= EXERCISE =
Set down a word-for-word copy of the data below, limited to the lines from the first through the line with "-0.125, 0, -0.125])".

= EXERCISE MATERIAL =
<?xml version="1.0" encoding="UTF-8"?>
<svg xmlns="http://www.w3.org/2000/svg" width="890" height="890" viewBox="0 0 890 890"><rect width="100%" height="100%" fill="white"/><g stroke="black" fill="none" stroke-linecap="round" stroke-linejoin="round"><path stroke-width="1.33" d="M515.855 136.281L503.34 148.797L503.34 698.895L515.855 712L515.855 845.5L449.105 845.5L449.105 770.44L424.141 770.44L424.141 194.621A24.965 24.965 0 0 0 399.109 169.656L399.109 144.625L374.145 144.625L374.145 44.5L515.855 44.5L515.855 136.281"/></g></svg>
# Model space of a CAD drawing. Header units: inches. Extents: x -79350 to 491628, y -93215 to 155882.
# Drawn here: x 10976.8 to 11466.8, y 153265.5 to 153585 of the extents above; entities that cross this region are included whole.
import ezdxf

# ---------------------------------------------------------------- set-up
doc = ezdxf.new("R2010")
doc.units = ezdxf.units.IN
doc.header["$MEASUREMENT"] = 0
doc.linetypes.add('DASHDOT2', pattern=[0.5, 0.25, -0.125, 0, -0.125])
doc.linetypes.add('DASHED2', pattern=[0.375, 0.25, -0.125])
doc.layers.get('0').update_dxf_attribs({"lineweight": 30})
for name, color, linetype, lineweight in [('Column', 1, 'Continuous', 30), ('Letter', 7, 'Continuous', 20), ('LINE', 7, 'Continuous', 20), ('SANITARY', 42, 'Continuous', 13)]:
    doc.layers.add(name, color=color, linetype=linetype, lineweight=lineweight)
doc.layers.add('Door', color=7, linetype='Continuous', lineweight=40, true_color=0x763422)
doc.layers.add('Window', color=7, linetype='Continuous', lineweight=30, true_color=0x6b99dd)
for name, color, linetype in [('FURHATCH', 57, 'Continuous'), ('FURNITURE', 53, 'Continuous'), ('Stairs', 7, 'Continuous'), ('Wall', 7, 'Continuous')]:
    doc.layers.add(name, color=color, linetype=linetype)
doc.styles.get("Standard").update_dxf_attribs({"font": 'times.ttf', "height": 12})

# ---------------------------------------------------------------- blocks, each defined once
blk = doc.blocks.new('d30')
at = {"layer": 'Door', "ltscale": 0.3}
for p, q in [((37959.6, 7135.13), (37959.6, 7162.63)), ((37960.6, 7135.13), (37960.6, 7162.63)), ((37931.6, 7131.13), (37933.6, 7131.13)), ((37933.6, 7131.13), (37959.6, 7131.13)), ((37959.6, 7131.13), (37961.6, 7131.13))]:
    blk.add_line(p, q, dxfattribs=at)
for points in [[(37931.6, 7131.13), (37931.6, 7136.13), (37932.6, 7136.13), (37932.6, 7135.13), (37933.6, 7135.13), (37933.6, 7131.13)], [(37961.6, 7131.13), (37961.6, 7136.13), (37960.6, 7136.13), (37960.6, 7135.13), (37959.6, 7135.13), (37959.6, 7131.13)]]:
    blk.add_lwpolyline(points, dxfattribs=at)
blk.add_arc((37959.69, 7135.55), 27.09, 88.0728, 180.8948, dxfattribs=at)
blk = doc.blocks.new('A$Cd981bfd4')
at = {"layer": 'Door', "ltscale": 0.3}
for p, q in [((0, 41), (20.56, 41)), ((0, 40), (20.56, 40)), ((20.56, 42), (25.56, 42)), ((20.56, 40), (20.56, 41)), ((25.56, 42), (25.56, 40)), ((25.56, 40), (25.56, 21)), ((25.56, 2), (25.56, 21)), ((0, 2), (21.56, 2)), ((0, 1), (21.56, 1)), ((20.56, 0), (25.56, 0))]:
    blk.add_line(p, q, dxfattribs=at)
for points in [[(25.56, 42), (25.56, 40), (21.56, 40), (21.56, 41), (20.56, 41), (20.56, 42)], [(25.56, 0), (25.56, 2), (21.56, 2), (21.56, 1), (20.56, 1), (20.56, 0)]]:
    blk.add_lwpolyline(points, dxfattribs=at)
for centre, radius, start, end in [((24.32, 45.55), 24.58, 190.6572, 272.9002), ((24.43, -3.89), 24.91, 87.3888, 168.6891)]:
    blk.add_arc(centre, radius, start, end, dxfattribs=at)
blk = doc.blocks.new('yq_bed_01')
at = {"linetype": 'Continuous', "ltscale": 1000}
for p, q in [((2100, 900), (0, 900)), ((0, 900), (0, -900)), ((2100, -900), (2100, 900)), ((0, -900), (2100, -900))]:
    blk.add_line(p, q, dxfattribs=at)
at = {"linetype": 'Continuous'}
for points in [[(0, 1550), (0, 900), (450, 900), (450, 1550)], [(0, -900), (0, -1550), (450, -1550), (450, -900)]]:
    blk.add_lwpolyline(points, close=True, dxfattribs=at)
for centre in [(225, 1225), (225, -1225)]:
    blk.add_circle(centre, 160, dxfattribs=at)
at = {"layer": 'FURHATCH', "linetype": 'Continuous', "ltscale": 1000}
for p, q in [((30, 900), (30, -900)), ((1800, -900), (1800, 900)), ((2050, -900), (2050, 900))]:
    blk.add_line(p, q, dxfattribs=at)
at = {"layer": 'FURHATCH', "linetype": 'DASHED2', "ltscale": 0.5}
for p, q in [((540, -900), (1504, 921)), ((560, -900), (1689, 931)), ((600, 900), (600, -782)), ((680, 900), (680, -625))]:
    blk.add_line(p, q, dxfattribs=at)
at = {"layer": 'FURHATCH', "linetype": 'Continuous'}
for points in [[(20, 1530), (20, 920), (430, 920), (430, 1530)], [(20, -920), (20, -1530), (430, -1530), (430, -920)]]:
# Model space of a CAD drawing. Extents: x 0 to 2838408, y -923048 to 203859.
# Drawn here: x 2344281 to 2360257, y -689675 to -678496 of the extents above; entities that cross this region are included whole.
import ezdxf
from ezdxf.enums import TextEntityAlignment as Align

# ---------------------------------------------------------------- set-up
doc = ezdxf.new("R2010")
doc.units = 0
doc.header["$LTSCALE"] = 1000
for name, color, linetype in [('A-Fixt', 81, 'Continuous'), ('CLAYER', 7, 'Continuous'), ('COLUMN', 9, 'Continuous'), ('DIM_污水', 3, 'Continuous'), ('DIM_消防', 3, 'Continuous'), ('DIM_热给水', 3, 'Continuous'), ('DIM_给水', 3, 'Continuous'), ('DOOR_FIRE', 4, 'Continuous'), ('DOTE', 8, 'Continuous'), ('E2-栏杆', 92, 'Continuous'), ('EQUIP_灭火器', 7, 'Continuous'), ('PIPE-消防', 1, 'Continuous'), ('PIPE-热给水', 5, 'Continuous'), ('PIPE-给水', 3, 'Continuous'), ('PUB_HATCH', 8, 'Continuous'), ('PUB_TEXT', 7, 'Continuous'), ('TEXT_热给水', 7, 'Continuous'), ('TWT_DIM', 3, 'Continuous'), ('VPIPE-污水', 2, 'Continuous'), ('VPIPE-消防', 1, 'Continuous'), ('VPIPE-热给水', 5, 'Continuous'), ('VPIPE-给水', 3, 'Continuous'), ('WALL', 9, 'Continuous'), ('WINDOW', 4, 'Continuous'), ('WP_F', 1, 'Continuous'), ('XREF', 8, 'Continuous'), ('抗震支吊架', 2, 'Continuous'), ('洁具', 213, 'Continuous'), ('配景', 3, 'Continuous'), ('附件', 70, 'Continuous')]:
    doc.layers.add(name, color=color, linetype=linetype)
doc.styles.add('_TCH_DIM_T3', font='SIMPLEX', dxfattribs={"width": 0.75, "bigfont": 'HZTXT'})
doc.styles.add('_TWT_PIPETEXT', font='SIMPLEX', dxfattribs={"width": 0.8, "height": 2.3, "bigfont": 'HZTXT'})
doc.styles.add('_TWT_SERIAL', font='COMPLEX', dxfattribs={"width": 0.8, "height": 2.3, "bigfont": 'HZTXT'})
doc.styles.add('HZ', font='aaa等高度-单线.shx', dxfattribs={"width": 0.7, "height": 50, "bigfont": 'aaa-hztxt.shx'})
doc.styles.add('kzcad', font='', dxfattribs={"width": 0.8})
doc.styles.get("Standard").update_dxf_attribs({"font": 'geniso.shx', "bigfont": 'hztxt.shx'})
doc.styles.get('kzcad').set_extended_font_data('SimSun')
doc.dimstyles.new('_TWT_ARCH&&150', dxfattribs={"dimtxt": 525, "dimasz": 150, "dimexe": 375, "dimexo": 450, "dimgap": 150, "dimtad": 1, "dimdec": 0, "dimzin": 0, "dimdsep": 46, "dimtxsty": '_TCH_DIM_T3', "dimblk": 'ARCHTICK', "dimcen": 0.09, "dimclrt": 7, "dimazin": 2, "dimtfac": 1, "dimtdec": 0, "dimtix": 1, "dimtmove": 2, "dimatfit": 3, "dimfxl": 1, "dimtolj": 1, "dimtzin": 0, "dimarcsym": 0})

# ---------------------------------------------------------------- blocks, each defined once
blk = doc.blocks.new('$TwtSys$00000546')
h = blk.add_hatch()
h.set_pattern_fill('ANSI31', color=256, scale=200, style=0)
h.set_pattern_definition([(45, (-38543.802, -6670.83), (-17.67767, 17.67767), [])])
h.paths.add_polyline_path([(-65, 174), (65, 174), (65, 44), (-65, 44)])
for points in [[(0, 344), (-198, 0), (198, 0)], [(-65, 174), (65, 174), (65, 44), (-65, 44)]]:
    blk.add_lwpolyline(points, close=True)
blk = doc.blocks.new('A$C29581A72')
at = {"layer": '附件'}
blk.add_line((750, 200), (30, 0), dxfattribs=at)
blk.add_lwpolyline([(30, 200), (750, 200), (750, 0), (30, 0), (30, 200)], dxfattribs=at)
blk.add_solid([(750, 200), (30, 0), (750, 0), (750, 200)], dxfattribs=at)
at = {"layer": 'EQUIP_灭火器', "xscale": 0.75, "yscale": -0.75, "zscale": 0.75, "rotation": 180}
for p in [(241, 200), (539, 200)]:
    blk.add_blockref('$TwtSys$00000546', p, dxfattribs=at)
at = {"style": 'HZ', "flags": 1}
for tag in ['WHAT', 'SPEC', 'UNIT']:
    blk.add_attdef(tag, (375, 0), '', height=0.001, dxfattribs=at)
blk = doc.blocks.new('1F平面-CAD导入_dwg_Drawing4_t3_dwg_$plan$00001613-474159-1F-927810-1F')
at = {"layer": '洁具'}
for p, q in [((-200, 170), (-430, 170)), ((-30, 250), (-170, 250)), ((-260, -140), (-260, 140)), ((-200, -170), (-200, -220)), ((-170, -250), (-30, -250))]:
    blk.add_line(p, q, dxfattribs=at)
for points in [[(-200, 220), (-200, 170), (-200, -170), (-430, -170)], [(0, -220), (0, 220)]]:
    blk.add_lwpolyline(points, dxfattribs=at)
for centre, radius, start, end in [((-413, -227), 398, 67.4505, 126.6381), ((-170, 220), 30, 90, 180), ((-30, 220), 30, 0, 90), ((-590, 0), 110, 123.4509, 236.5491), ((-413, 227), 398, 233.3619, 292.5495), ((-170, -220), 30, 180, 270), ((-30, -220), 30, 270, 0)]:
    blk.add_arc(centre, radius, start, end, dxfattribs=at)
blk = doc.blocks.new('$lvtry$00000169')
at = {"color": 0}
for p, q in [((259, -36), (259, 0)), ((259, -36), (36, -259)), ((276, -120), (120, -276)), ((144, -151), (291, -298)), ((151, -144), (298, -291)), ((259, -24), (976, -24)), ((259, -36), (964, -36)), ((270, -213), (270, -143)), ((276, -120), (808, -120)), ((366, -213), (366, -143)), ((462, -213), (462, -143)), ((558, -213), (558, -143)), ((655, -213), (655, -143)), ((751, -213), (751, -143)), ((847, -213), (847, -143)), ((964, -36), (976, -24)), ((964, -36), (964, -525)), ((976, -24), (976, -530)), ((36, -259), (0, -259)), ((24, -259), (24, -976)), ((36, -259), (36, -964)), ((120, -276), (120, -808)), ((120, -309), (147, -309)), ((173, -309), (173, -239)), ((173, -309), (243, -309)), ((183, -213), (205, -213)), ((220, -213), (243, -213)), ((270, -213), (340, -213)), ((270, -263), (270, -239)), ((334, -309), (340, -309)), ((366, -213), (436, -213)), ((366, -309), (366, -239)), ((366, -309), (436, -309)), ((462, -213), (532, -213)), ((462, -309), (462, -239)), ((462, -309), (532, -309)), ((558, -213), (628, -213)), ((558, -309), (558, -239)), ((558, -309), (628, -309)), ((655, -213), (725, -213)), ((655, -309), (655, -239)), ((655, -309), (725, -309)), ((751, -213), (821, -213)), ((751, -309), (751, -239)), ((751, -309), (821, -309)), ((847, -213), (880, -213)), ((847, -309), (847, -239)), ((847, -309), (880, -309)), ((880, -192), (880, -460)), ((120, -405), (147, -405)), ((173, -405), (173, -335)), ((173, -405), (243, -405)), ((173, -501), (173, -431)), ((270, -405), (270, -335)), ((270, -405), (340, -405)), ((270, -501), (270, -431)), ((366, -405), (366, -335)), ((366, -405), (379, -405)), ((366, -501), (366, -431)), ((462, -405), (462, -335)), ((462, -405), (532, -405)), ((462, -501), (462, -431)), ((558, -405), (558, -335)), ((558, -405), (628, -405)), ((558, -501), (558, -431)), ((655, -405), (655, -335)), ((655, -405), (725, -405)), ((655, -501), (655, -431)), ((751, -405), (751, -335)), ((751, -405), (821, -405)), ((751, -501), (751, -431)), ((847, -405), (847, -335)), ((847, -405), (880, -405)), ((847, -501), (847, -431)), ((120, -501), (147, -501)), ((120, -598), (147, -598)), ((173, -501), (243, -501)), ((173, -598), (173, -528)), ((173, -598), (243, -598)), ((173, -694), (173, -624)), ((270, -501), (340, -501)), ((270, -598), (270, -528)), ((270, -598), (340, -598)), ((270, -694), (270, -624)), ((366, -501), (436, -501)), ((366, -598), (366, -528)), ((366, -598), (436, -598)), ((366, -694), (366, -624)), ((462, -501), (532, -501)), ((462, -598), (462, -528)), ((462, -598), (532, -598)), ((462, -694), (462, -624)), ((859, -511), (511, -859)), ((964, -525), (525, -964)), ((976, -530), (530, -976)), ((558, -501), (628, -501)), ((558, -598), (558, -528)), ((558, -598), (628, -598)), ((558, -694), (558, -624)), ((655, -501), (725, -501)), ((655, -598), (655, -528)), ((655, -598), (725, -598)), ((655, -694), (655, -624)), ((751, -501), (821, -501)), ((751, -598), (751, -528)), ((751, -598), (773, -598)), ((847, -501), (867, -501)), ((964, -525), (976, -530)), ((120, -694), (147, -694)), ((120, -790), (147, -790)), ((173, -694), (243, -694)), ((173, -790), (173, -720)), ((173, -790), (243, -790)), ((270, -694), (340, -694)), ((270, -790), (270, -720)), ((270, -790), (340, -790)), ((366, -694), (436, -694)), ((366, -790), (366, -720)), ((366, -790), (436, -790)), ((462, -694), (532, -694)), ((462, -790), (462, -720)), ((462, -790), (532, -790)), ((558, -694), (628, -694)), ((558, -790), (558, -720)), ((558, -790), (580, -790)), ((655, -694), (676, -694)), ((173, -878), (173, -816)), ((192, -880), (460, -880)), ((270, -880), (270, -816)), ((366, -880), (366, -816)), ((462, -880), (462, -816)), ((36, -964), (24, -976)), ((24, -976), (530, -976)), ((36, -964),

= ANSWER SECTION =
<?xml version="1.0" encoding="UTF-8"?>
<svg xmlns="http://www.w3.org/2000/svg" width="890" height="890" viewBox="0 0 890 890"><rect width="100%" height="100%" fill="white"/><g stroke="black" fill="none" stroke-linecap="round" stroke-linejoin="round"><path stroke-width="1.33" d="M515.855 136.281L503.34 148.797L503.34 698.895L515.855 712L515.855 845.5L449.105 845.5L449.105 770.44L424.141 770.44L424.141 194.621A24.965 24.965 0 0 0 399.109 169.656L399.109 144.625L374.145 144.625L374.145 44.5L515.855 44.5L515.855 136.281"/></g></svg>
# Model space of a CAD drawing. Header units: inches. Extents: x -79350 to 491628, y -93215 to 155882.
# Drawn here: x 10976.8 to 11466.8, y 153265.5 to 153585 of the extents above; entities that cross this region are included whole.
import ezdxf

# ---------------------------------------------------------------- set-up
doc = ezdxf.new("R2010")
doc.units = ezdxf.units.IN
doc.header["$MEASUREMENT"] = 0
doc.linetypes.add('DASHDOT2', pattern=[0.5, 0.25, -0.125, 0, -0.125])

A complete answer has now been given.